Upon the west of these, closer to shore in the quieter waters kept by the governing shadow of the Under End tower, a makeshift fleet of packets waited – light, two-masted sailers, each with signalling burge flags flying, requesting a tow behind any willing gastriner through the contrary surge of the out-flowing river. There was a time before gastrine vessels when such as these would have had to haul themselves through the churning eddys in their own boats by oar and arm alone. Indeed in these more enlightened times some still might, for though it was proper maritime practice for a gastriner to answer a Request for Towage, it was not – unless in time of open war – an absolute law. For the sailers moored by the Gullet it was a genuine lot-cast as whether a haul would be offered them or not by the masters of the muscle-driven vessels so commonly in their own hurry.

The Douse Fish trod within hailing distance of one such vessel – close enough for Economous to read Emperorfly upon her prow plate – and its master immediately called with great shouts for the cromster to heave to and throw the sailer a cable.

With a curse of, “Pullets and cockerils!” for the delay, Mister Patefract proved himself in some stripe a noble fellow after all and, slowing to a dead crawl had the loose end of the heavy, much-prized rope rowed in the cromster’s sole jollyboat to the needy packet.
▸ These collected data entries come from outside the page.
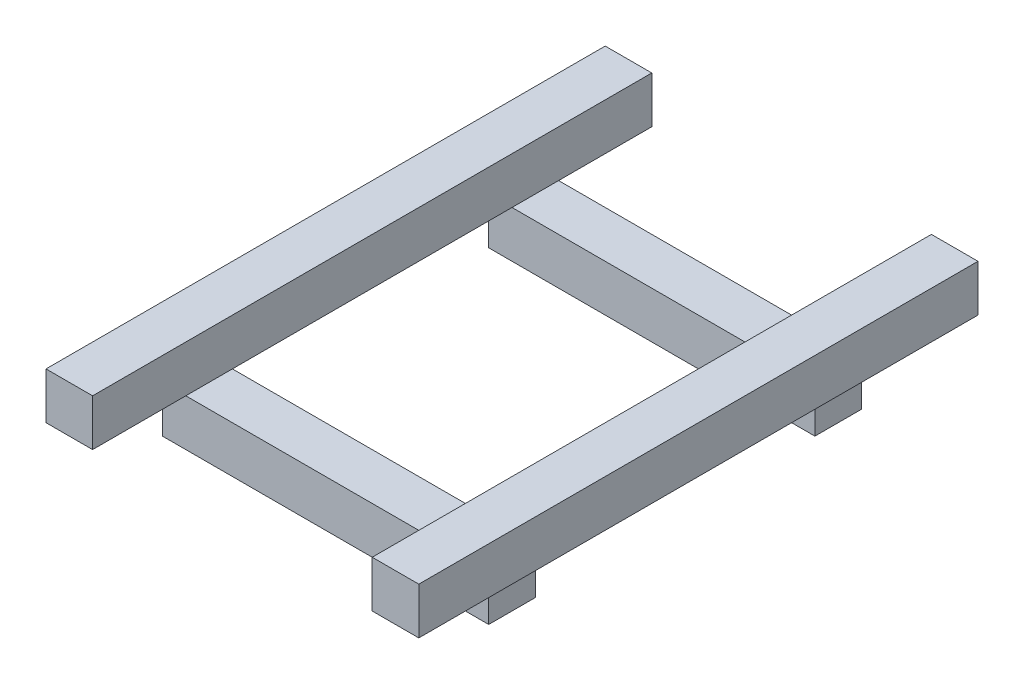
ISO-10303-21;
HEADER;
FILE_DESCRIPTION(('STEP AP214'),'2;1');
FILE_NAME('part.step','',(''),(''),'','','');
FILE_SCHEMA(('AUTOMOTIVE_DESIGN { 1 0 10303 214 1 1 1 1 }'));
ENDSEC;
DATA;
#1=APPLICATION_CONTEXT('core data for automotive mechanical design processes');
#2=APPLICATION_PROTOCOL_DEFINITION('international standard','automotive_design',2000,#1);
#3=PRODUCT_CONTEXT('',#1,'mechanical');
#4=PRODUCT('Part','Part','',(#3));
#5=PRODUCT_RELATED_PRODUCT_CATEGORY('part','',(#4));
#6=PRODUCT_DEFINITION_FORMATION('','',#4);
#7=PRODUCT_DEFINITION_CONTEXT('part definition',#1,'design');
#8=PRODUCT_DEFINITION('design','',#6,#7);
#9=PRODUCT_DEFINITION_SHAPE('','',#8);
#10=(LENGTH_UNIT() NAMED_UNIT(*) SI_UNIT(.MILLI.,.METRE.));
#11=(NAMED_UNIT(*) PLANE_ANGLE_UNIT() SI_UNIT($,.RADIAN.));
#12=(NAMED_UNIT(*) SI_UNIT($,.STERADIAN.) SOLID_ANGLE_UNIT());
#13=UNCERTAINTY_MEASURE_WITH_UNIT(LENGTH_MEASURE(1.E-05),#10,'distance_accuracy_value','');
#14=(GEOMETRIC_REPRESENTATION_CONTEXT(3) GLOBAL_UNCERTAINTY_ASSIGNED_CONTEXT((#13)) GLOBAL_UNIT_ASSIGNED_CONTEXT((#10,
#11,#12)) REPRESENTATION_CONTEXT('',''));
#15=CARTESIAN_POINT('',(0.,0.,0.));
#16=DIRECTION('',(0.,0.,1.));
#17=DIRECTION('',(1.,0.,0.));
#18=AXIS2_PLACEMENT_3D('',#15,#16,#17);
#19=CARTESIAN_POINT('',(268.067226890756,-50.,329.201680672269));
#20=DIRECTION('',(-1.,0.,0.));
#21=DIRECTION('',(0.,0.,1.));
#22=AXIS2_PLACEMENT_3D('',#19,#20,#21);
#23=PLANE('',#22);
#24=DIRECTION('',(0.,0.,-1.));
#25=VECTOR('',#24,1.);
#26=CARTESIAN_POINT('',(268.067226890756,0.,-170.798319327731));
#27=LINE('',#26,#25);
#28=CARTESIAN_POINT('',(268.067226890756,0.,429.201680672269));
#29=VERTEX_POINT('',#28);
#30=CARTESIAN_POINT('',(268.067226890756,0.,-170.798319327731));
#31=VERTEX_POINT('',#30);
#32=EDGE_CURVE('E231',#29,#31,#27,.T.);
#33=ORIENTED_EDGE('',*,*,#32,.T.);
#34=DIRECTION('',(0.,-1.,0.));
#35=VECTOR('',#34,1.);
#36=CARTESIAN_POINT('',(268.067226890756,50.,-170.798319327731));
#37=LINE('',#36,#35);
#38=CARTESIAN_POINT('',(268.067226890756,50.,-170.798319327731));
#39=VERTEX_POINT('',#38);
#40=EDGE_CURVE('E222',#39,#31,#37,.T.);
#41=ORIENTED_EDGE('',*,*,#40,.F.);
#42=DIRECTION('',(0.,0.,-1.));
#43=VECTOR('',#42,1.);
#44=CARTESIAN_POINT('',(268.067226890756,50.,-170.798319327731));
#45=LINE('',#44,#43);
#46=CARTESIAN_POINT('',(268.067226890756,50.,429.201680672269));
#47=VERTEX_POINT('',#46);
#48=EDGE_CURVE('E243',#47,#39,#45,.T.);
#49=ORIENTED_EDGE('',*,*,#48,.F.);
#50=DIRECTION('',(0.,-1.,0.));
#51=VECTOR('',#50,1.);
#52=CARTESIAN_POINT('',(268.067226890756,50.,429.201680672269));
#53=LINE('',#52,#51);
#54=EDGE_CURVE('E215',#47,#29,#53,.T.);
#55=ORIENTED_EDGE('',*,*,#54,.T.);
#56=EDGE_LOOP('',(#33,#41,#49,#55));
#57=FACE_BOUND('',#56,.T.);
#58=ADVANCED_FACE('F39',(#57),#23,.F.);
#59=CARTESIAN_POINT('',(0.,0.,0.));
#60=DIRECTION('',(0.,-1.,0.));
#61=DIRECTION('',(0.,0.,-1.));
#62=AXIS2_PLACEMENT_3D('',#59,#60,#61);
#63=PLANE('',#62);
#64=DIRECTION('',(0.,0.,1.));
#65=VECTOR('',#64,1.);
#66=CARTESIAN_POINT('',(218.067226890756,0.,0.));
#67=LINE('',#66,#65);
#68=CARTESIAN_POINT('',(218.067226890756,0.,279.201680672269));
#69=VERTEX_POINT('',#68);
#70=CARTESIAN_POINT('',(218.067226890756,0.,329.201680672269));
#71=VERTEX_POINT('',#70);
#72=EDGE_CURVE('E47',#69,#71,#67,.T.);
#73=ORIENTED_EDGE('',*,*,#72,.F.);
#74=DIRECTION('',(1.,0.,0.));
#75=VECTOR('',#74,1.);
#76=CARTESIAN_POINT('',(-131.932773109244,0.,279.201680672269));
#77=LINE('',#76,#75);
#78=CARTESIAN_POINT('',(-81.9327731092437,0.,279.201680672269));
#79=VERTEX_POINT('',#78);
#80=EDGE_CURVE('E260',#79,#69,#77,.T.);
#81=ORIENTED_EDGE('',*,*,#80,.F.);
#82=DIRECTION('',(0.,0.,-1.));
#83=VECTOR('',#82,1.);
#84=CARTESIAN_POINT('',(-81.9327731092436,0.,-170.798319327731));
#85=LINE('',#84,#83);
#86=CARTESIAN_POINT('',(-81.9327731092436,0.,329.201680672269));
#87=VERTEX_POINT('',#86);
#88=EDGE_CURVE('E281',#87,#79,#85,.T.);
#89=ORIENTED_EDGE('',*,*,#88,.F.);
#90=DIRECTION('',(-1.,0.,0.));
#91=VECTOR('',#90,1.);
#92=CARTESIAN_POINT('',(-131.932773109244,0.,329.201680672269));
#93=LINE('',#92,#91);
#94=EDGE_CURVE('E259',#71,#87,#93,.T.);
#95=ORIENTED_EDGE('',*,*,#94,.F.);
#96=EDGE_LOOP('',(#73,#81,#89,#95));
#97=FACE_BOUND('',#96,.T.);
#98=ADVANCED_FACE('F320',(#97),#63,.F.);
#99=CARTESIAN_POINT('',(0.,0.,0.));
#100=DIRECTION('',(0.,1.,0.));
#101=DIRECTION('',(0.,0.,1.));
#102=AXIS2_PLACEMENT_3D('',#99,#100,#101);
#103=PLANE('',#102);
#104=CARTESIAN_POINT('',(-106.932773109244,0.,329.201680672269));
#105=VERTEX_POINT('',#104);
#106=EDGE_CURVE('E262',#87,#105,#93,.T.);
#107=ORIENTED_EDGE('',*,*,#106,.F.);
#108=CARTESIAN_POINT('',(-81.9327731092436,0.,429.201680672269));
#109=VERTEX_POINT('',#108);
#110=EDGE_CURVE('E278',#109,#87,#85,.T.);
#111=ORIENTED_EDGE('',*,*,#110,.F.);
#112=DIRECTION('',(1.,0.,0.));
#113=VECTOR('',#112,1.);
#114=CARTESIAN_POINT('',(-131.932773109244,0.,429.201680672269));
#115=LINE('',#114,#113);
#116=CARTESIAN_POINT('',(-131.932773109244,0.,429.201680672269));
#117=VERTEX_POINT('',#116);
#118=EDGE_CURVE('E275',#117,#109,#115,.T.);
#119=ORIENTED_EDGE('',*,*,#118,.F.);
#120=DIRECTION('',(0.,0.,1.));
#121=VECTOR('',#120,1.);
#122=CARTESIAN_POINT('',(-131.932773109244,0.,-170.798319327731));
#123=LINE('',#122,#121);
#124=CARTESIAN_POINT('',(-131.932773109244,0.,-170.798319327731));
#125=VERTEX_POINT('',#124);
#126=EDGE_CURVE('E256',#125,#117,#123,.T.);
#127=ORIENTED_EDGE('',*,*,#126,.F.);
#128=DIRECTION('',(-1.,0.,0.));
#129=VECTOR('',#128,1.);
#130=CARTESIAN_POINT('',(-131.932773109244,0.,-170.798319327731));
#131=LINE('',#130,#129);
#132=CARTESIAN_POINT('',(-81.9327731092436,0.,-170.798319327731));
#133=VERTEX_POINT('',#132);
#134=EDGE_CURVE('E267',#133,#125,#131,.T.);
#135=ORIENTED_EDGE('',*,*,#134,.F.);
#136=CARTESIAN_POINT('',(-81.9327731092436,0.,-70.7983193277311));
#137=VERTEX_POINT('',#136);
#138=EDGE_CURVE('E277',#137,#133,#85,.T.);
#139=ORIENTED_EDGE('',*,*,#138,.F.);
#140=DIRECTION('',(1.,0.,0.));
#141=VECTOR('',#140,1.);
#142=CARTESIAN_POINT('',(-131.932773109244,0.,-70.7983193277311));
#143=LINE('',#142,#141);
#144=CARTESIAN_POINT('',(-106.932773109244,0.,-70.7983193277311));
#145=VERTEX_POINT('',#144);
#146=EDGE_CURVE('E201',#145,#137,#143,.T.);
#147=ORIENTED_EDGE('',*,*,#146,.F.);
#148=DIRECTION('',(0.,0.,1.));
#149=VECTOR('',#148,1.);
#150=CARTESIAN_POINT('',(-106.932773109244,0.,329.201680672269));
#151=LINE('',#150,#149);
#152=CARTESIAN_POINT('',(-106.932773109244,0.,-20.798319327731));
#153=VERTEX_POINT('',#152);
#154=EDGE_CURVE('E533',#145,#153,#151,.T.);
#155=ORIENTED_EDGE('',*,*,#154,.T.);
#156=DIRECTION('',(-1.,0.,0.));
#157=VECTOR('',#156,1.);
#158=CARTESIAN_POINT('',(-131.932773109244,0.,-20.7983193277311));
#159=LINE('',#158,#157);
#160=CARTESIAN_POINT('',(-81.9327731092436,0.,-20.7983193277311));
#161=VERTEX_POINT('',#160);
#162=EDGE_CURVE('E204',#161,#153,#159,.T.);
#163=ORIENTED_EDGE('',*,*,#162,.F.);
#164=EDGE_CURVE('E322',#79,#161,#85,.T.);
#165=ORIENTED_EDGE('',*,*,#164,.F.);
#166=CARTESIAN_POINT('',(-106.932773109244,0.,279.201680672269));
#167=VERTEX_POINT('',#166);
#168=EDGE_CURVE('E257',#167,#79,#77,.T.);
#169=ORIENTED_EDGE('',*,*,#168,.F.);
#170=EDGE_CURVE('E312',#167,#105,#151,.T.);
#171=ORIENTED_EDGE('',*,*,#170,.T.);
#172=EDGE_LOOP('',(#107,#111,#119,#127,#135,#139,#147,#155,#163,#165,#169,#171));
#173=FACE_BOUND('',#172,.T.);
#174=ADVANCED_FACE('F309',(#173),#103,.F.);
#175=CARTESIAN_POINT('',(-131.932773109244,50.,-170.798319327731));
#176=DIRECTION('',(1.,0.,0.));
#177=DIRECTION('',(0.,0.,-1.));
#178=AXIS2_PLACEMENT_3D('',#175,#176,#177);
#179=PLANE('',#178);
#180=ORIENTED_EDGE('',*,*,#126,.T.);
#181=DIRECTION('',(0.,-1.,0.));
#182=VECTOR('',#181,1.);
#183=CARTESIAN_POINT('',(-131.932773109244,50.,429.201680672269));
#184=LINE('',#183,#182);
#185=CARTESIAN_POINT('',(-131.932773109244,50.,429.201680672269));
#186=VERTEX_POINT('',#185);
#187=EDGE_CURVE('E291',#186,#117,#184,.T.);
#188=ORIENTED_EDGE('',*,*,#187,.F.);
#189=DIRECTION('',(0.,0.,1.));
#190=VECTOR('',#189,1.);
#191=CARTESIAN_POINT('',(-131.932773109244,50.,-170.798319327731));
#192=LINE('',#191,#190);
#193=CARTESIAN_POINT('',(-131.932773109244,50.,-170.798319327731));
#194=VERTEX_POINT('',#193);
#195=EDGE_CURVE('E263',#194,#186,#192,.T.);
#196=ORIENTED_EDGE('',*,*,#195,.F.);
#197=DIRECTION('',(0.,-1.,0.));
#198=VECTOR('',#197,1.);
#199=CARTESIAN_POINT('',(-131.932773109244,50.,-170.798319327731));
#200=LINE('',#199,#198);
#201=EDGE_CURVE('E273',#194,#125,#200,.T.);
#202=ORIENTED_EDGE('',*,*,#201,.T.);
#203=EDGE_LOOP('',(#180,#188,#196,#202));
#204=FACE_BOUND('',#203,.T.);
#205=ADVANCED_FACE('F41',(#204),#179,.F.);
#206=CARTESIAN_POINT('',(-131.932773109244,50.,429.201680672269));
#207=DIRECTION('',(0.,0.,-1.));
#208=DIRECTION('',(-1.,0.,0.));
#209=AXIS2_PLACEMENT_3D('',#206,#207,#208);
#210=PLANE('',#209);
#211=ORIENTED_EDGE('',*,*,#118,.T.);
#212=DIRECTION('',(0.,-1.,0.));
#213=VECTOR('',#212,1.);
#214=CARTESIAN_POINT('',(-81.9327731092436,50.,429.201680672269));
#215=LINE('',#214,#213);
#216=CARTESIAN_POINT('',(-81.9327731092436,50.,429.201680672269));
#217=VERTEX_POINT('',#216);
#218=EDGE_CURVE('E288',#217,#109,#215,.T.);
#219=ORIENTED_EDGE('',*,*,#218,.F.);
#220=DIRECTION('',(1.,0.,0.));
#221=VECTOR('',#220,1.);
#222=CARTESIAN_POINT('',(-131.932773109244,50.,429.201680672269));
#223=LINE('',#222,#221);
#224=EDGE_CURVE('E266',#186,#217,#223,.T.);
#225=ORIENTED_EDGE('',*,*,#224,.F.);
#226=ORIENTED_EDGE('',*,*,#187,.T.);
#227=EDGE_LOOP('',(#211,#219,#225,#226));
#228=FACE_BOUND('',#227,.T.);
#229=ADVANCED_FACE('F337',(#228),#210,.F.);
#230=CARTESIAN_POINT('',(-81.9327731092436,50.,-170.798319327731));
#231=DIRECTION('',(-1.,0.,0.));
#232=DIRECTION('',(0.,0.,1.));
#233=AXIS2_PLACEMENT_3D('',#230,#231,#232);
#234=PLANE('',#233);
#235=ORIENTED_EDGE('',*,*,#110,.T.);
#236=ORIENTED_EDGE('',*,*,#88,.T.);
#237=ORIENTED_EDGE('',*,*,#164,.T.);
#238=DIRECTION('',(0.,0.,-1.));
#239=VECTOR('',#238,1.);
#240=CARTESIAN_POINT('',(-81.9327731092436,0.,-170.798319327731));
#241=LINE('',#240,#239);
#242=EDGE_CURVE('E206',#161,#137,#241,.T.);
#243=ORIENTED_EDGE('',*,*,#242,.T.);
#244=ORIENTED_EDGE('',*,*,#138,.T.);
#245=DIRECTION('',(0.,-1.,0.));
#246=VECTOR('',#245,1.);
#247=CARTESIAN_POINT('',(-81.9327731092436,50.,-170.798319327731));
#248=LINE('',#247,#246);
#249=CARTESIAN_POINT('',(-81.9327731092436,50.,-170.798319327731));
#250=VERTEX_POINT('',#249);
#251=EDGE_CURVE('E285',#250,#133,#248,.T.);
#252=ORIENTED_EDGE('',*,*,#251,.F.);
#253=DIRECTION('',(0.,0.,-1.));
#254=VECTOR('',#253,1.);
#255=CARTESIAN_POINT('',(-81.9327731092436,50.,-170.798319327731));
#256=LINE('',#255,#254);
#257=EDGE_CURVE('E269',#217,#250,#256,.T.);
#258=ORIENTED_EDGE('',*,*,#257,.F.);
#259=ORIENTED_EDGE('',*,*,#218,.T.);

Under proper tread again, the Douse Mouse took the weight of the Emperorfly in her stride at first, further into the Gullet she began to struggle against the full and mighty weight of southward pushing flow. With all limbres to the screw, the cromster shuddered as the muscles inside her gastrine boxes strained against the inexorable flow of the dark primordial river pouring into the milky waters of the vinegar sea. Economous clung to the sole mast as Douse Mouse – surely about to shake herself to flinders under her master’s obstinate command – juddered and heaved beneath the young illuminator’s unsteady feet. With a final lurch, the effluent surge let them go and cromster pushed her way into calm of the river proper, pulling a grateful Emperorfly with her. Yet Barge-master Patefract was far from content. Without pause the sour fellow ordered his own towage cable cast loose rather than lose precious moments in its proper retrieval, and so released of the sailer’s weight drove the hard-working craft on.


“We’ll nay make it, we’ll nay make it,” he kept grumbling to himself, determined to make the fortified rivergate of the Spindle before close of day when the fortress watchmen retired for the evening.